Villarosa (EN)Modifica

 
Chiesa della Madonna della Catena, Villarosa

In Sicilia tutti i toponimi che indicano catena e le chiese titolate Santa Maria della Catena sono rispettivamente contrade abitate in quel tempo da giudei e sedi di antiche sinagoghe[2].Il luogo Contrada Catena di Villarosa era uno dei punti di confine tra Val di noto e Val d’Imera, che allora rappresentava la suddivisione geografica della Sicilia. A quel tempo Villarosa era punto di sosta dei forestieri in transito. Su questa altura a un chilometro dal paese è stato più volte ipotizzato ci fosse una dogana, un passaggio obbligato, sin dal tardo medio evo dove si pagava dazio per il passaggio da una regione amministrativa all’altra.[3]

Leonforte (EN)Modifica

A Leonforte la devozione alla Madonna della Catena è molto sentita. La festa viene celebrata la seconda domenica di ottobre nel piccolo santuario a Lei dedicato nella parte nord della cittadina. La chiesa è meta di numerosi pellegrini provenienti non solo da Leonforte ma anche dai paesi vicini (Assoro, Agira, Nicosia, Nissoria) che offrono alla Madonna, per grazia ricevuta o da ricevere, il viaggio a piedi. La festa è preceduta dalla novena (nove giorni di preghiera in preparazione alla festa) dove vengono celebrate sante messe e benedizioni dedicate ai bambini, ai giovani, alle famiglie, ai defunti, ai malati, ai missionari e agli automobilisti; in questi nove giorni, dopo le funzioni della novena, la chiesa rimane aperta alle numerose persone che vogliono onorare Maria Santissima. Il sabato che precede la festa è dedicato alla Madonna; vengono celebrati i vespri, e la chiesetta rimane aperta fino a tarda serata poiché numerosi devoti rendono omaggio alla venerata statua della Madonna. Il giorno della festa è caratterizzato da una grande folla che sin dalle prime luci dell'alba riempie la chiesa dopo aver affrontato un lungo viaggio a piedi durante la notte, e partecipa alle sante messe che cominciano alle ore 6:30 fino alle 11:30 davanti all'altare della Vergine; alle 10:30 viene celebrata la messa solenne dal vescovo della diocesi.

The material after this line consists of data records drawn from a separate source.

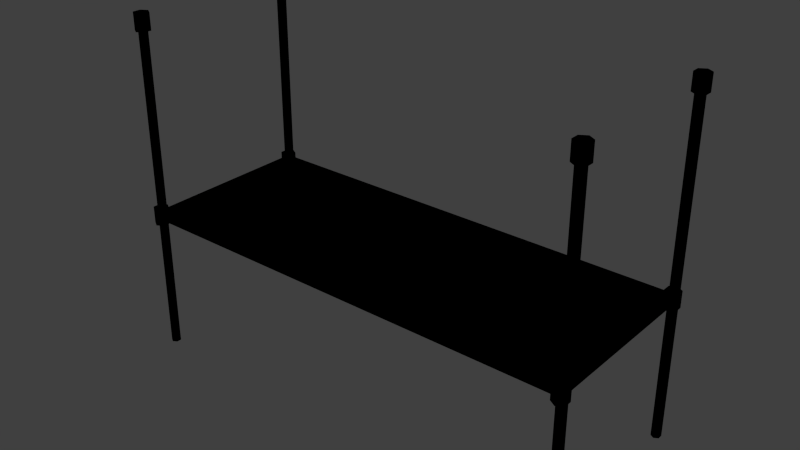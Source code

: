 # Source: metal_rack_stackable.blend  (saved by Blender 2.81.16; exported with 4.5.12 LTS)
import bpy
from mathutils import Matrix  # noqa: F401  (used for matrix-valued properties, if any)

bpy.ops.wm.read_factory_settings(use_empty=True)
scene = bpy.context.scene
scene.name = 'Scene'

# ---- collections
col_collection_1 = bpy.data.collections.new('Collection 1'); scene.collection.children.link(col_collection_1)

# ---- images (referenced by path relative to the original .blend; pixels are not part of the script)
import os
ASSET_DIR = os.environ.get("B2B_ASSET_DIR", "")  # directory of the original .blend (textures are referenced by path, not embedded)
HERE = os.path.dirname(os.path.abspath(__file__))  # packed textures are extracted next to this script under _unpacked/

def load_image(name, relpath, width, height, colorspace="sRGB"):
    """Load a texture the original file referenced (path relative to the .blend, or extracted next to this script)."""
    p = next((c for c in (os.path.join(HERE, relpath), os.path.join(ASSET_DIR, relpath)) if relpath and os.path.exists(c)), "")
    if p:
        img = bpy.data.images.load(p, check_existing=True)
        img.name = name
    else:  # same state as the original file: an image datablock whose file is absent (Cycles renders it pink)
        img = bpy.data.images.new(name, width, height)
        img.source = "FILE"
        img.filepath = "//" + (relpath or name)
    img.colorspace_settings.name = colorspace
    return img
img_metal_rack_stackable_png = load_image('metal_rack_stackable.png', 'Materials/metal_rack_stackable.png', 1024, 1024, 'sRGB')

# ---- materials (node trees are filled in below, after node groups)
mat_metal_rack_stackable = bpy.data.materials.new('metal_rack_stackable')
mat_metal_rack_stackable.alpha_threshold = 0.0
mat_metal_rack_stackable.use_transparent_shadow = False
mat_metal_rack_stackable.roughness = 0.5

# ---- material node trees
mat_metal_rack_stackable.use_nodes = True; mat_metal_rack_stackable.node_tree.nodes.clear()
_N = mat_metal_rack_stackable.node_tree.nodes; _L = mat_metal_rack_stackable.node_tree.links
n0 = _N.new('ShaderNodeOutputMaterial'); n0.name = 'Material Output'; n0.location = (300, 300)
n1 = _N.new('ShaderNodeTexImage'); n1.name = 'Image Texture'; n1.location = (0, 344)
n1.image = img_metal_rack_stackable_png
n1.interpolation = 'Closest'
n0.is_active_output = True

# ---- world
world_world = bpy.data.worlds.new('World'); scene.world = world_world
world_world.color = (0.05088, 0.05088, 0.05088)
world_world.use_sun_shadow = False
world_world.sun_shadow_jitter_overblur = 0.0
world_world.cycles.sampling_method = 'MANUAL'
world_world.cycles.sample_map_resolution = 256

# ---- meshes
me_cylinder_016 = bpy.data.meshes.new('Cylinder.016')
me_cylinder_016.from_pydata([(0.7052, -0.2528, -0.4416), (0.7052, -0.2528, 0.5869), (0.7179, -0.2605, -0.4416), (0.7179, -0.2605, 0.5869), (0.7179, -0.2759, -0.4416), (0.7179, -0.2759, 0.5869), (0.7052, -0.2836, -0.4416), (0.7052, -0.2836, 0.5869), (0.6925, -0.2759, -0.4416), (0.6925, -0.2759, 0.5869), (0.6925, -0.2605, -0.4416), (0.6925, -0.2605, 0.5869), (0.7052, 0.2835, -0.4416), (0.7052, 0.2835, 0.5869), (0.7179, 0.2758, -0.4416), (0.7179, 0.2758, 0.5869), (0.7179, 0.2604, -0.4416), (0.7179, 0.2604, 0.5869), (0.7052, 0.2527, -0.4416), (0.7052, 0.2527, 0.5869), (0.6925, 0.2604, -0.4416), (0.6925, 0.2604, 0.5869), (0.6925, 0.2758, -0.4416), (0.6925, 0.2758, 0.5869), (-0.7052, 0.2835, -0.4416), (-0.7052, 0.2835, 0.5869), (-0.6925, 0.2758, -0.4416), (-0.6925, 0.2758, 0.5869), (-0.6925, 0.2604, -0.4416), (-0.6925, 0.2604, 0.5869), (-0.7052, 0.2527, -0.4416), (-0.7052, 0.2527, 0.5869), (-0.7179, 0.2604, -0.4416), (-0.7179, 0.2604, 0.5869), (-0.7179, 0.2758, -0.4416), (-0.7179, 0.2758, 0.5869), (-0.7052, -0.2528, -0.4416), (-0.7052, -0.2528, 0.5869), (-0.6925, -0.2605, -0.4416), (-0.6925, -0.2605, 0.5869), (-0.6925, -0.2759, -0.4416), (-0.6925, -0.2759, 0.5869), (-0.7052, -0.2836, -0.4416), (-0.7052, -0.2836, 0.5869), (-0.7179, -0.2759, -0.4416), (-0.7179, -0.2759, 0.5869), (-0.7179, -0.2605, -0.4416), (-0.7179, -0.2605, 0.5869), (-0.7052, 0.294, 0.5734), (-0.7052, 0.294, 0.6252), (-0.6847, 0.2816, 0.5734), (-0.6847, 0.2816, 0.6252), (-0.6847, 0.2568, 0.5734), (-0.6847, 0.2568, 0.6252), (-0.7052, 0.2444, 0.5734), (-0.7052, 0.2444, 0.6252), (-0.7256, 0.2568, 0.5734), (-0.7256, 0.2568, 0.6252), (-0.7256, 0.2816, 0.5734), (-0.7256, 0.2816, 0.6252), (0.705, 0.294, 0.5734), (0.705, 0.294, 0.6252), (0.7255, 0.2816, 0.5734), (0.7255, 0.2816, 0.6252), (0.7255, 0.2568, 0.5734), (0.7255, 0.2568, 0.6252), (0.705, 0.2444, 0.5734), (0.705, 0.2444, 0.6252), (0.6846, 0.2568, 0.5734), (0.6846, 0.2568, 0.6252), (0.6846, 0.2816, 0.5734), (0.6846, 0.2816, 0.6252), (0.705, -0.2434, 0.5734), (0.705, -0.2434, 0.6252), (0.7255, -0.2558, 0.5734), (0.7255, -0.2558, 0.6252), (0.7255, -0.2806, 0.5734), (0.7255, -0.2806, 0.6252), (0.705, -0.293, 0.5734), (0.705, -0.293, 0.6252), (0.6846, -0.2806, 0.5734), (0.6846, -0.2806, 0.6252), (0.6846, -0.2558, 0.5734), (0.6846, -0.2558, 0.6252), (-0.7052, -0.2434, 0.5734), (-0.7052, -0.2434, 0.6252), (-0.6847, -0.2558, 0.5734), (-0.6847, -0.2558, 0.6252), (-0.6847, -0.2806, 0.5734), (-0.6847, -0.2806, 0.6252), (-0.7052, -0.293, 0.5734), (-0.7052, -0.293, 0.6252), (-0.7256, -0.2806, 0.5734), (-0.7256, -0.2806, 0.6252), (-0.7256, -0.2558, 0.5734), (-0.7256, -0.2558, 0.6252)], [], [(0, 1, 3, 2), (2, 3, 5, 4), (4, 5, 7, 6), (6, 7, 9, 8), (10, 11, 1, 0), (8, 9, 11, 10), (0, 2, 4, 6, 8, 10), (12, 13, 15, 14), (14, 15, 17, 16), (16, 17, 19, 18), (18, 19, 21, 20), (22, 23, 13, 12), (20, 21, 23, 22), (12, 14, 16, 18, 20, 22), (24, 25, 27, 26), (26, 27, 29, 28), (28, 29, 31, 30), (30, 31, 33, 32), (34, 35, 25, 24), (32, 33, 35, 34), (24, 26, 28, 30, 32, 34), (36, 37, 39, 38), (38, 39, 41, 40), (40, 41, 43, 42), (42, 43, 45, 44), (46, 47, 37, 36), (44, 45, 47, 46), (36, 38, 40, 42, 44, 46), (48, 49, 51, 50), (50, 51, 53, 52), (52, 53, 55, 54), (54, 55, 57, 56), (51, 49, 59, 57, 55, 53), (58, 59, 49, 48), (56, 57, 59, 58), (48, 50, 52, 54, 56, 58), (60, 61, 63, 62), (62, 63, 65, 64), (64, 65, 67, 66), (66, 67, 69, 68), (63, 61, 71, 69, 67, 65), (70, 71, 61, 60), (68, 69, 71, 70), (60, 62, 64, 66, 68, 70), (72, 73, 75, 74), (74, 75, 77, 76), (76, 77, 79, 78), (78, 79, 81, 80), (75, 73, 83, 81, 79, 77), (82, 83, 73, 72), (80, 81, 83, 82), (72, 74, 76, 78, 80, 82), (84, 85, 87, 86), (86, 87, 89, 88), (88, 89, 91, 90), (90, 91, 93, 92), (87, 85, 95, 93, 91, 89), (94, 95, 85, 84), (92, 93, 95, 94), (84, 86, 88, 90, 92, 94)])
me_cylinder_016.polygons.foreach_set('use_smooth', [0, 0, 0, 0, 0, 0, 0, 0, 0, 0, 0, 0, 0, 0, 0, 0, 0, 0, 0, 0, 0, 0, 0, 0, 0, 0, 0, 0, 1, 1, 1, 1, 1, 1, 1, 1, 1, 1, 1, 1, 1, 1, 1, 1, 1, 1, 1, 1, 1, 1, 1, 1, 1, 1, 1, 1, 1, 1, 1, 1])
_uv = me_cylinder_016.uv_layers.new(name='UVMap')
_uv.uv.foreach_set('vector', [0.1096, 0.02559, 0.1095, 0.9745, 0.1035, 0.9745, 0.1036, 0.02562, 0.1036, 0.02562, 0.1035, 0.9745, 0.09751, 0.9745, 0.09762, 0.02567, 0.09762, 0.02567, 0.09751, 0.9745, 0.09152, 0.9746, 0.09164, 0.02569, 0.09164, 0.02569, 0.09152, 0.9746, 0.08554, 0.9746, 0.08566, 0.02571, 0.1156, 0.02557, 0.1155, 0.9744, 0.1095, 0.9745, 0.1096, 0.02559, 0.1216, 0.02552, 0.1214, 0.9744, 0.1155, 0.9744, 0.1156, 0.02557, 0.2754, 0.1322, 0.2604, 0.1247, 0.2604, 0.1097, 0.2754, 0.1022, 0.2904, 0.1097, 0.2904, 0.1247, 0.1684, 0.02554, 0.1683, 0.9744, 0.1623, 0.9744, 0.1624, 0.02557, 0.1624, 0.02557, 0.1623, 0.9744, 0.1563, 0.9745, 0.1564, 0.02562, 0.1564, 0.02562, 0.1563, 0.9745, 0.1503, 0.9745, 0.1505, 0.02564, 0.1505, 0.02564, 0.1503, 0.9745, 0.1444, 0.9745, 0.1445, 0.02566, 0.1744, 0.02552, 0.1743, 0.9744, 0.1683, 0.9744, 0.1684, 0.02554, 0.1804, 0.02547, 0.1803, 0.9743, 0.1743, 0.9744, 0.1744, 0.02552, 0.2754, 0.1975, 0.2604, 0.19, 0.2604, 0.175, 0.2754, 0.1675, 0.2904, 0.175, 0.2904, 0.19, 0.2269, 0.02554, 0.2268, 0.9744, 0.2208, 0.9744, 0.2209, 0.02557, 0.2209, 0.02557, 0.2208, 0.9744, 0.2148, 0.9745, 0.2149, 0.02562, 0.2149, 0.02562, 0.2148, 0.9745, 0.2088, 0.9745, 0.2089, 0.02564, 0.2089, 0.02564, 0.2088, 0.9745, 0.2028, 0.9745, 0.203, 0.02566, 0.2329, 0.02552, 0.2328, 0.9744, 0.2268, 0.9744, 0.2269, 0.02554, 0.2389, 0.02547, 0.2387, 0.9743, 0.2328, 0.9744, 0.2329, 0.02552, 0.2754, 0.2334, 0.2604, 0.2259, 0.2604, 0.2109, 0.2754, 0.2034, 0.2904, 0.2109, 0.2904, 0.2259, 0.05148, 0.02554, 0.05136, 0.9744, 0.04538, 0.9744, 0.0455, 0.02557, 0.0455, 0.02557, 0.04538, 0.9744, 0.0394, 0.9745, 0.03951, 0.02562, 0.03951, 0.02562, 0.0394, 0.9745, 0.03341, 0.9745, 0.03353, 0.02564, 0.03353, 0.02564, 0.03341, 0.9745, 0.02743, 0.9745, 0.02755, 0.02566, 0.05747, 0.02552, 0.05735, 0.9744, 0.05136, 0.9744, 0.05148, 0.02554, 0.06345, 0.02547, 0.06333, 0.9743, 0.05735, 0.9744, 0.05747, 0.02552, 0.2754, 0.0991, 0.2604, 0.09161, 0.2604, 0.07662, 0.2754, 0.06913, 0.2904, 0.07662, 0.2904, 0.09161, 0.5086, 0.1042, 0.5085, 0.1673, 0.5027, 0.1673, 0.5028, 0.1042, 0.5028, 0.1042, 0.5027, 0.1673, 0.4969, 0.1673, 0.497, 0.1042, 0.497, 0.1042, 0.4969, 0.1673, 0.4911, 0.1673, 0.4912, 0.1042, 0.4912, 0.1042, 0.4911, 0.1673, 0.4853, 0.1673, 0.4854, 0.1042, 0.4657, 0.2098, 0.459, 0.2136, 0.4524, 0.2098, 0.4524, 0.2023, 0.459, 0.1986, 0.4657, 0.2023, 0.5144, 0.1042, 0.5143, 0.1673, 0.5085, 0.1673, 0.5086, 0.1042, 0.5202, 0.1042, 0.5201, 0.1673, 0.5143, 0.1673, 0.5144, 0.1042, 0.4339, 0.2133, 0.4406, 0.2095, 0.4406, 0.202, 0.4339, 0.1982, 0.4273, 0.202, 0.4273, 0.2095, 0.4502, 0.02516, 0.4501, 0.08824, 0.4443, 0.08825, 0.4444, 0.02516, 0.4444, 0.02516, 0.4443, 0.08825, 0.4385, 0.08825, 0.4386, 0.02516, 0.4386, 0.02516, 0.4385, 0.08825, 0.4327, 0.08825, 0.4328, 0.02516, 0.4328, 0.02516, 0.4327, 0.08825, 0.4269, 0.08825, 0.427, 0.02517, 0.493, 0.2101, 0.4863, 0.2139, 0.4797, 0.2101, 0.4797, 0.2026, 0.4863, 0.1988, 0.493, 0.2026, 0.456, 0.02516, 0.4559, 0.08824, 0.4501, 0.08824, 0.4502, 0.02516, 0.4618, 0.02515, 0.4617, 0.08824, 0.4559, 0.08824, 0.456, 0.02516, 0.5121, 0.2133, 0.5187, 0.2095, 0.5187, 0.202, 0.5121, 0.1982, 0.5054, 0.202, 0.5054, 0.2095, 0.5084, 0.02516, 0.5083, 0.08824, 0.5025, 0.08825, 0.5026, 0.02516, 0.5026, 0.02516, 0.5025, 0.08825, 0.4967, 0.08825, 0.4968, 0.02516, 0.4968, 0.02516, 0.4967, 0.08825, 0.4909, 0.08825, 0.491, 0.02516, 0.491, 0.02516, 0.4909, 0.08825, 0.4851, 0.08825, 0.4852, 0.02517, 0.4926, 0.1873, 0.486, 0.1911, 0.4793, 0.1873, 0.4793, 0.1798, 0.486, 0.1761, 0.4926, 0.1798, 0.5142, 0.02516, 0.5141, 0.08824, 0.5083, 0.08824, 0.5084, 0.02516, 0.52, 0.02515, 0.5199, 0.08824, 0.5141, 0.08824, 0.5142, 0.02516, 0.5118, 0.1899, 0.5185, 0.1861, 0.5185, 0.1786, 0.5118, 0.1749, 0.5052, 0.1786, 0.5052, 0.1861, 0.4503, 0.1042, 0.4502, 0.1673, 0.4444, 0.1673, 0.4445, 0.1042, 0.4445, 0.1042, 0.4444, 0.1673, 0.4386, 0.1673, 0.4387, 0.1042, 0.4387, 0.1042, 0.4386, 0.1673, 0.4328, 0.1673, 0.4329, 0.1042, 0.4329, 0.1042, 0.4328, 0.1673, 0.427, 0.1673, 0.4271, 0.1042, 0.4655, 0.1865, 0.4588, 0.1903, 0.4522, 0.1865, 0.4522, 0.179, 0.4588, 0.1753, 0.4655, 0.179, 0.4561, 0.1042, 0.456, 0.1673, 0.4502, 0.1673, 0.4503, 0.1042, 0.4619, 0.1042, 0.4618, 0.1673, 0.456, 0.1673, 0.4561, 0.1042, 0.4337, 0.1899, 0.4403, 0.1861, 0.4403, 0.1786, 0.4337, 0.1749, 0.427, 0.1786, 0.427, 0.1861])
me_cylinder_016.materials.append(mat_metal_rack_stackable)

Nel pomeriggio si svolge una solenne Processione col simulacro della Madonna della Catena lungo il corso principale del paese portato a spalla dai fedeli che indossano un caratteristico mantello di colore avorio con impressa sul petto l'immagine di Maria SS. della Catena. La processione si conclude con la sosta del simulacro davanti alla chiesa, poi la benedizione Eucaristica e, a conclusione della festa, uno spettacolo di fuochi pirotecnici (u castieddu). Nelle sere del sabato e della domenica della festa, ha luogo la sagra della salsiccia e vari spettacoli nello spiazzale accanto alla chiesa.

Castelbuono (PA)Modifica

Nelle Madonie e in particolare a Castelbuono, il culto arrivò prestissimo poiché il conte Enrico Ventimiglia era a Palermo quando il miracolo avvenne e ne restò talmente impressionato che volle divulgarlo.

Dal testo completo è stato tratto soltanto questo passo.